_SOURCE DATA:_
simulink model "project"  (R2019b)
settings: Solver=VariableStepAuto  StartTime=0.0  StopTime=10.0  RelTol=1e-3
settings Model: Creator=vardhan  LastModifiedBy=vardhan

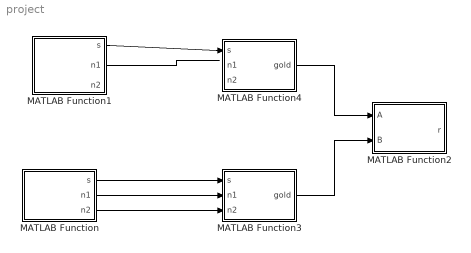
== system project ==
  MATLAB Function : MATLAB Function  TreatAsAtomicUnit=on
  MATLAB Function1 : MATLAB Function  TreatAsAtomicUnit=on
  MATLAB Function2 : MATLAB Function  TreatAsAtomicUnit=on
  MATLAB Function3 : MATLAB Function  TreatAsAtomicUnit=on
  MATLAB Function4 : MATLAB Function  TreatAsAtomicUnit=on
  wires:
  MATLAB Function1/1(s) -> MATLAB Function4/1(s)
  MATLAB Function/1(s) -> MATLAB Function3/1(s)
  MATLAB Function/2(n1) -> MATLAB Function3/2(n1)
  MATLAB Function/3(n2) -> MATLAB Function3/3(n2)
  MATLAB Function4/1(gold) -> MATLAB Function2/1(A)
  MATLAB Function3/1(gold) -> MATLAB Function2/2(B)
  MATLAB Function1/2(n1) -> ?

== matlab function project/MATLAB Function1 ==
  data: s output; n1 output; n2 output
function [s,n1,n2]= fcn
 s=[1 0 1 0 1];
 n1=1;
 n2=3;

== matlab function project/MATLAB Function ==
  data: s output; n1 output; n2 output
function [s,n1,n2]= fcn
 s=[1 0 1 0 1];
 n1=1;
 n2=3;

== matlab function project/MATLAB Function2 ==
  data: A input; r output; B input
function r  = myXCorr(A , B)
N = size(A,2);
M = size(B,2);
r = zeros(1, N + M - 1 );
len = size(r,2);
max_a =max(N,M);
min_a =min(N,M);
for i = 1 : len  
   a = (i - N);
   if(a < 0)
       f = 1;
       l = N + a;
   else
       f = 0;
       l = N - a;
   end
    for j = 1:l
           if(f == 0)
            r(i) = r(i) + A(a + j) * B(j);
           else
            r(i) = r(i) + A(j) * B(j - a);
           end
   end
end
end

== matlab function project/MATLAB Function3 ==
  data: s input; gold output; n1 input; n2 input
function gold = gold_sequence(s,n1,n2)
G=93;  % Code length
x=[];
p1=[];
p2=[];
n=length(s);
%generation of 1st sequence
for j=1:G        
    p1=[p1 s(5)];
    a=xor(s(n1),s(n2));
    s(n-4)=s(n-3);
    s(n-3)=s(n-2);
    s(n-2)=s(n-1);
    s(n-1)=s(n);
    s(n)=a;
end
x=[p1];
%Generation of 2nd sequnces
p2(1)=x(1);
for i=1:30
    j=(3*i)+1;
    p2(i+1)=x(j);
end
%Shifting of p1 in Matrix 'y'
for k=1:31
    for j=1:31
        y(k,j)=x(j+k-1);
    end
end
%Generation of Gold Sequences by modulo 2 sum of p1 and p2
for i=1:31
gold_seq(i,:)=xor(p2,y(i,(1:31)));
end
gold1=reshape(gold_seq,[1,961]);
gold=gold1(1:50);
end

== matlab function project/MATLAB Function4 ==
  data: s input; gold output; n1 input; n2 input
function gold = gold_sequence(s,n1,n2)
G=93;  % Code length
x=[];
p1=[];
p2=[];
n=length(s);
%generation of 1st sequence
for j=1:G        
    p1=[p1 s(5)];
    a=xor(s(n1),s(n2));
    s(n-4)=s(n-3);
    s(n-3)=s(n-2);
    s(n-2)=s(n-1);
    s(n-1)=s(n);
    s(n)=a;
end
x=[p1];
%Generation of 2nd sequnces
p2(1)=x(1);
for i=1:30
    j=(3*i)+1;
    p2(i+1)=x(j);
end
%Shifting of p1 in Matrix 'y'
for k=1:31
    for j=1:31
        y(k,j)=x(j+k-1);
    end
end
%Generation of Gold Sequences by modulo 2 sum of p1 and p2
for i=1:31
gold_seq(i,:)=xor(p2,y(i,(1:31)));
end
gold1=reshape(gold_seq,[1,961]);
gold=gold1(1:50);
end

_TASK DETAILS:_ Return every entry above exactly. Pictures stay out.

_EXERCISE OUTPUT:_
simulink model "project"  (R2019b)
settings: Solver=VariableStepAuto  StartTime=0.0  StopTime=10.0  RelTol=1e-3
settings Model: Creator=vardhan  LastModifiedBy=vardhan

== system project ==
  MATLAB Function : MATLAB Function  TreatAsAtomicUnit=on
  MATLAB Function1 : MATLAB Function  TreatAsAtomicUnit=on
  MATLAB Function2 : MATLAB Function  TreatAsAtomicUnit=on
  MATLAB Function3 : MATLAB Function  TreatAsAtomicUnit=on
  MATLAB Function4 : MATLAB Function  TreatAsAtomicUnit=on
  wires:
  MATLAB Function1/1(s) -> MATLAB Function4/1(s)
  MATLAB Function/1(s) -> MATLAB Function3/1(s)
  MATLAB Function/2(n1) -> MATLAB Function3/2(n1)
  MATLAB Function/3(n2) -> MATLAB Function3/3(n2)
  MATLAB Function4/1(gold) -> MATLAB Function2/1(A)
  MATLAB Function3/1(gold) -> MATLAB Function2/2(B)
  MATLAB Function1/2(n1) -> ?

== matlab function project/MATLAB Function1 ==
  data: s output; n1 output; n2 output
function [s,n1,n2]= fcn
 s=[1 0 1 0 1];
 n1=1;
 n2=3;

== matlab function project/MATLAB Function ==
  data: s output; n1 output; n2 output
function [s,n1,n2]= fcn
 s=[1 0 1 0 1];
 n1=1;
 n2=3;

== matlab function project/MATLAB Function2 ==
  data: A input; r output; B input
function r  = myXCorr(A , B)
N = size(A,2);
M = size(B,2);
r = zeros(1, N + M - 1 );
len = size(r,2);
max_a =max(N,M);
min_a =min(N,M);
for i = 1 : len  
   a = (i - N);
   if(a < 0)
       f = 1;
       l = N + a;
   else
       f = 0;
       l = N - a;
   end
    for j = 1:l
           if(f == 0)
            r(i) = r(i) + A(a + j) * B(j);
           else
            r(i) = r(i) + A(j) * B(j - a);
           end
   end
end
end

== matlab function project/MATLAB Function3 ==
  data: s input; gold output; n1 input; n2 input
function gold = gold_sequence(s,n1,n2)
G=93;  % Code length
x=[];
p1=[];
p2=[];
n=length(s);
%generation of 1st sequence
for j=1:G        
    p1=[p1 s(5)];
    a=xor(s(n1),s(n2));
    s(n-4)=s(n-3);
    s(n-3)=s(n-2);
    s(n-2)=s(n-1);
    s(n-1)=s(n);
    s(n)=a;
end
x=[p1];
%Generation of 2nd sequnces
p2(1)=x(1);
for i=1:30
    j=(3*i)+1;
    p2(i+1)=x(j);
end
%Shifting of p1 in Matrix 'y'
for k=1:31
    for j=1:31
        y(k,j)=x(j+k-1);
    end
end
%Generation of Gold Sequences by modulo 2 sum of p1 and p2
for i=1:31
gold_seq(i,:)=xor(p2,y(i,(1:31)));
end
gold1=reshape(gold_seq,[1,961]);
gold=gold1(1:50);
end

== matlab function project/MATLAB Function4 ==
  data: s input; gold output; n1 input; n2 input
function gold = gold_sequence(s,n1,n2)
G=93;  % Code length
x=[];
p1=[];
p2=[];
n=length(s);
%generation of 1st sequence
for j=1:G        
    p1=[p1 s(5)];
    a=xor(s(n1),s(n2));
    s(n-4)=s(n-3);
    s(n-3)=s(n-2);
    s(n-2)=s(n-1);
    s(n-1)=s(n);
    s(n)=a;
end
x=[p1];
%Generation of 2nd sequnces
p2(1)=x(1);
for i=1:30
    j=(3*i)+1;
    p2(i+1)=x(j);
end
%Shifting of p1 in Matrix 'y'
for k=1:31
    for j=1:31
        y(k,j)=x(j+k-1);
    end
end
%Generation of Gold Sequences by modulo 2 sum of p1 and p2
for i=1:31
gold_seq(i,:)=xor(p2,y(i,(1:31)));
end
gold1=reshape(gold_seq,[1,961]);
gold=gold1(1:50);
end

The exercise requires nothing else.